Despite the outrage generated by these reports, Congress has done nothing to roll back this facial recognition program.

There are many technical and legal problems with facial recognition, including significant concerns about the accuracy of the technology, particularly when reading the facial features of minority populations. During a test run by the ACLU of Northern California, facial recognition misidentified 26 members of the California legislature as people in a database of arrest photos.

With facial recognition technology, police and other government officials have the capability to track individuals in real time. These systems allow law enforcement agents to use video cameras and continually scan everybody who walks by. According to the report, several major police departments have expressed an interest in this type of real-time tracking. Documents revealed agencies in at least five major cities, including Los Angeles, either claimed to run real-time face recognition off of street cameras, bought technology with the capability, or expressed written interest in buying it.

In all likelihood, the federal government heavily involves itself in helping state and local agencies obtain this technology. The feds provide grant money to local law enforcement agencies for a vast array of surveillance gear, including ALPRs, stingray devices and drones. The federal government essentially encourages and funds a giant nationwide surveillance net and then taps into the information via fusion centers and the Information Sharing Environment (ISE).

Fusion centers were sold as a tool to combat terrorism, but that is not how they are being used. The ACLU pointed to a bipartisan congressional report to demonstrate the true nature of government fusion centers: “They haven’t contributed anything meaningful to counterterrorism efforts. Instead, they have largely served as police surveillance and information sharing nodes for law enforcement efforts targeting the frequent subjects of police attention: Black and brown people, immigrants, dissidents, and the poor.”

Fusion centers operate within the broader ISE. According to its website, the ISE “provides analysts, operators, and investigators with information needed to enhance national security. These analysts, operators, and investigators…have mission needs to collaborate and share information with each other and with private sector partners and our foreign allies.” In other words, ISE serves as a conduit for the sharing of information gathered without a warrant. Known ISE partners include the Office of Director of National Intelligence which oversees 17 federal agencies and organizations, including the NSA. ISE utilizes these partnerships to collect and share data on the millions of unwitting people they track.

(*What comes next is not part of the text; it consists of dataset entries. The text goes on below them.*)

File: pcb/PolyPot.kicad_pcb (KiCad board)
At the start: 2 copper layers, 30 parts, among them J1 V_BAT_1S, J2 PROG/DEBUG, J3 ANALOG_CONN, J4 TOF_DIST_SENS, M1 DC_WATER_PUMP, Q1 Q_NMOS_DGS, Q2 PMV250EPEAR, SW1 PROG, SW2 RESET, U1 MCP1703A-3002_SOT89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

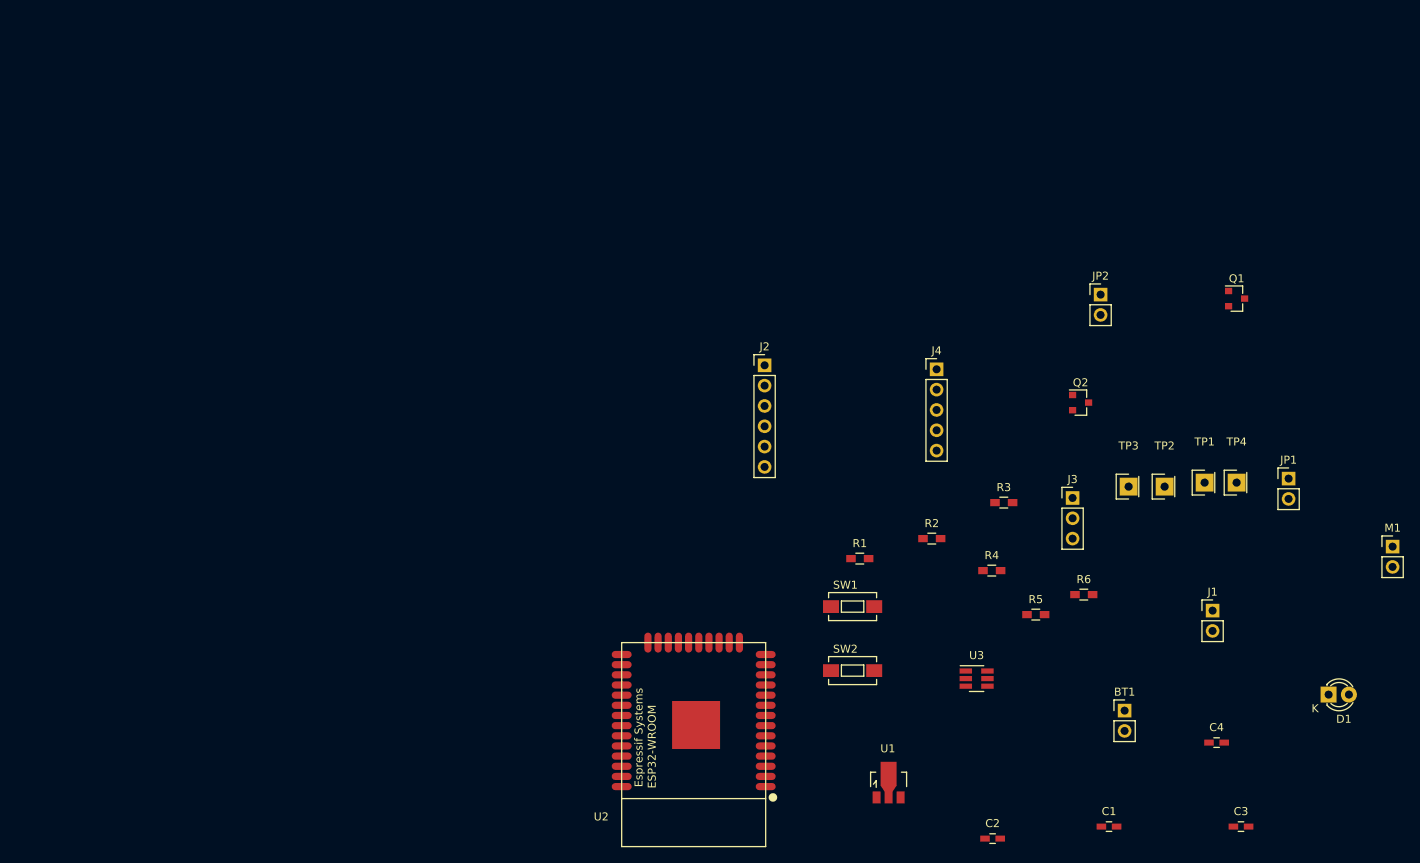
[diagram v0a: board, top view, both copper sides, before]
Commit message: Add ESP32 3d shape
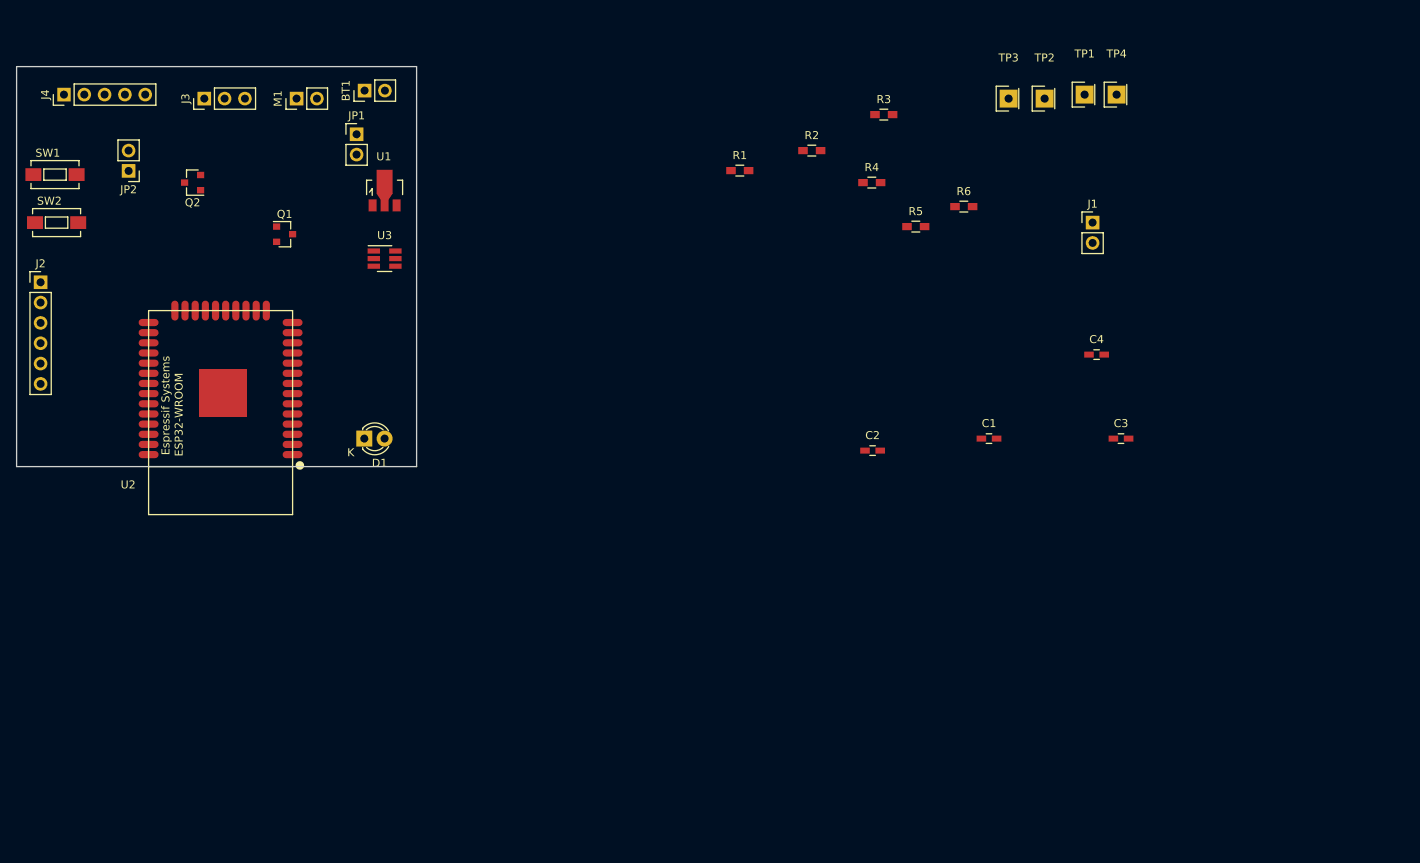
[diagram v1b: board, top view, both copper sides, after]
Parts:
- moved M1 148.0 mm to (65.0, 34.0), turned to 90 degrees
- moved D1 124.7 mm to (73.5, 76.5)
- moved JP1 124.2 mm to (72.5, 38.5)
- moved BT1 122.6 mm to (73.5, 33.0), turned to 90 degrees
- moved JP2 122.5 mm to (44.0, 43.0), turned to 180 degrees
- moved J3 119.5 mm to (53.5, 34.0), turned to 90 degrees
- moved Q1 119.3 mm to (63.5, 51.0)
- moved J4 114.4 mm to (35.9, 33.5), turned to 90 degrees
- moved Q2 114.4 mm to (52.0, 44.5), turned to 180 degrees
- moved SW2 114.2 mm to (35.0, 49.5)
- moved SW1 113.4 mm to (34.8, 43.5)
- moved U1 97.2 mm to (76.0, 45.5)
- moved J2 91.1 mm to (33.0, 57.0)
- moved U3 90.7 mm to (76.0, 54.0)
- moved U2 72.2 mm to (55.5, 73.2)
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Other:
- board outline added: 50 x 50 mm

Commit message: PCB: rough component placement
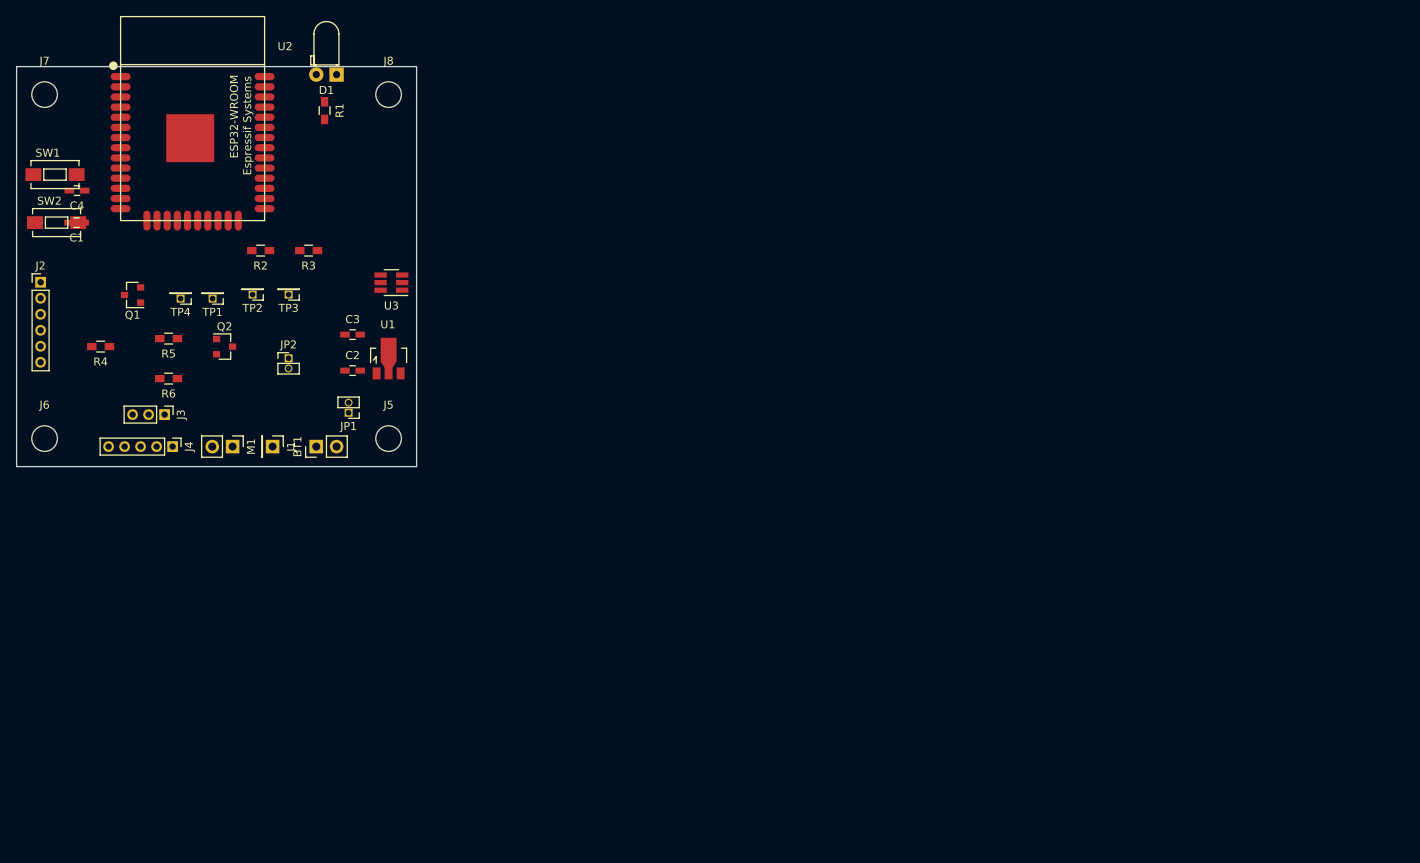
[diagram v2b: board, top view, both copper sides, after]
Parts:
- added J5: M3, Mounting_Holes:MountingHole_3.2mm_M3, F.Cu at (76.5, 76.5)
- added J6: M3, Mounting_Holes:MountingHole_3.2mm_M3, F.Cu at (33.5, 76.5)
- added J7: M3, Mounting_Holes:MountingHole_3.2mm_M3, F.Cu at (33.5, 33.5)
- added J8: M3, Mounting_Holes:MountingHole_3.2mm_M3, F.Cu at (76.5, 33.5)
- D1: footprint LEDs:LED-3MM -> LEDs:LED_D3.0mm_Horizontal_O1.27mm_Z2.0mm
- J1: footprint Socket_Strips:Socket_Strip_Straight_1x02_Pitch2.54mm -> Socket_Strips:Socket_Strip_Straight_1x01_Pitch2.54mm
- J2: footprint Socket_Strips:Socket_Strip_Straight_1x06_Pitch2.54mm -> Socket_Strips:Socket_Strip_Straight_1x06_Pitch2.00mm
- J3: footprint Socket_Strips:Socket_Strip_Straight_1x03_Pitch2.54mm -> Socket_Strips:Socket_Strip_Straight_1x03_Pitch2.00mm
- J4: footprint Socket_Strips:Socket_Strip_Straight_1x05_Pitch2.54mm -> Socket_Strips:Socket_Strip_Straight_1x05_Pitch2.00mm
- JP1, JP2: footprint Socket_Strips:Socket_Strip_Straight_1x02_Pitch2.54mm -> Socket_Strips:Socket_Strip_Straight_1x02_Pitch1.27mm
- TP1, TP2, TP3, TP4: footprint Socket_Strips:Socket_Strip_Straight_1x01 -> Socket_Strips:Socket_Strip_Straight_1x01_Pitch1.27mm
- moved C4 129.1 mm to (37.5, 45.5), turned to 180 degrees
- moved TP4 119.7 mm to (50.5, 59.0), turned to 180 degrees
- moved C1 117.2 mm to (37.5, 49.5), turned to 180 degrees
- moved TP1 111.9 mm to (54.5, 59.0), turned to 180 degrees
- moved J1 106.3 mm to (62.0, 77.5), turned to 270 degrees
- moved TP2 102.0 mm to (59.5, 58.5), turned to 180 degrees
- moved R6 101.7 mm to (49.0, 69.0), turned to 180 degrees
- moved R4 98.6 mm to (40.5, 65.0), turned to 180 degrees
- moved C3 96.9 mm to (72.0, 63.5)
- moved R5 94.4 mm to (49.0, 64.0), turned to 180 degrees
- moved TP3 93.3 mm to (64.0, 58.5), turned to 180 degrees
- moved R3 73.9 mm to (66.5, 53.0), turned to 180 degrees
- moved R2 70.0 mm to (60.5, 53.0), turned to 180 degrees
- moved C2 65.8 mm to (72.0, 68.0)
- moved R1 52.4 mm to (68.5, 35.5), turned to 270 degrees

Reports that the Berkeley Police Department in cooperation with a federal fusion center deployed cameras equipped to surveil a “free speech” rally and Antifa counterprotests provided the first solid link between the federal government and local authorities in facial recognition surveillance.

In a nutshell, without state and local cooperation, the feds have a much more difficult time gathering information. The passage of state laws and local ordinances banning and limiting facial recognition eliminates one avenue for gathering facial recognition data. Simply put, data that doesn’t exist cannot be entered into federal databases.

WHAT’S NEXT

Gov. Gianforte will have 10 days from the date SB397 is sent to his office to sign or veto the bill. If he takes no action, it will become law without his signature.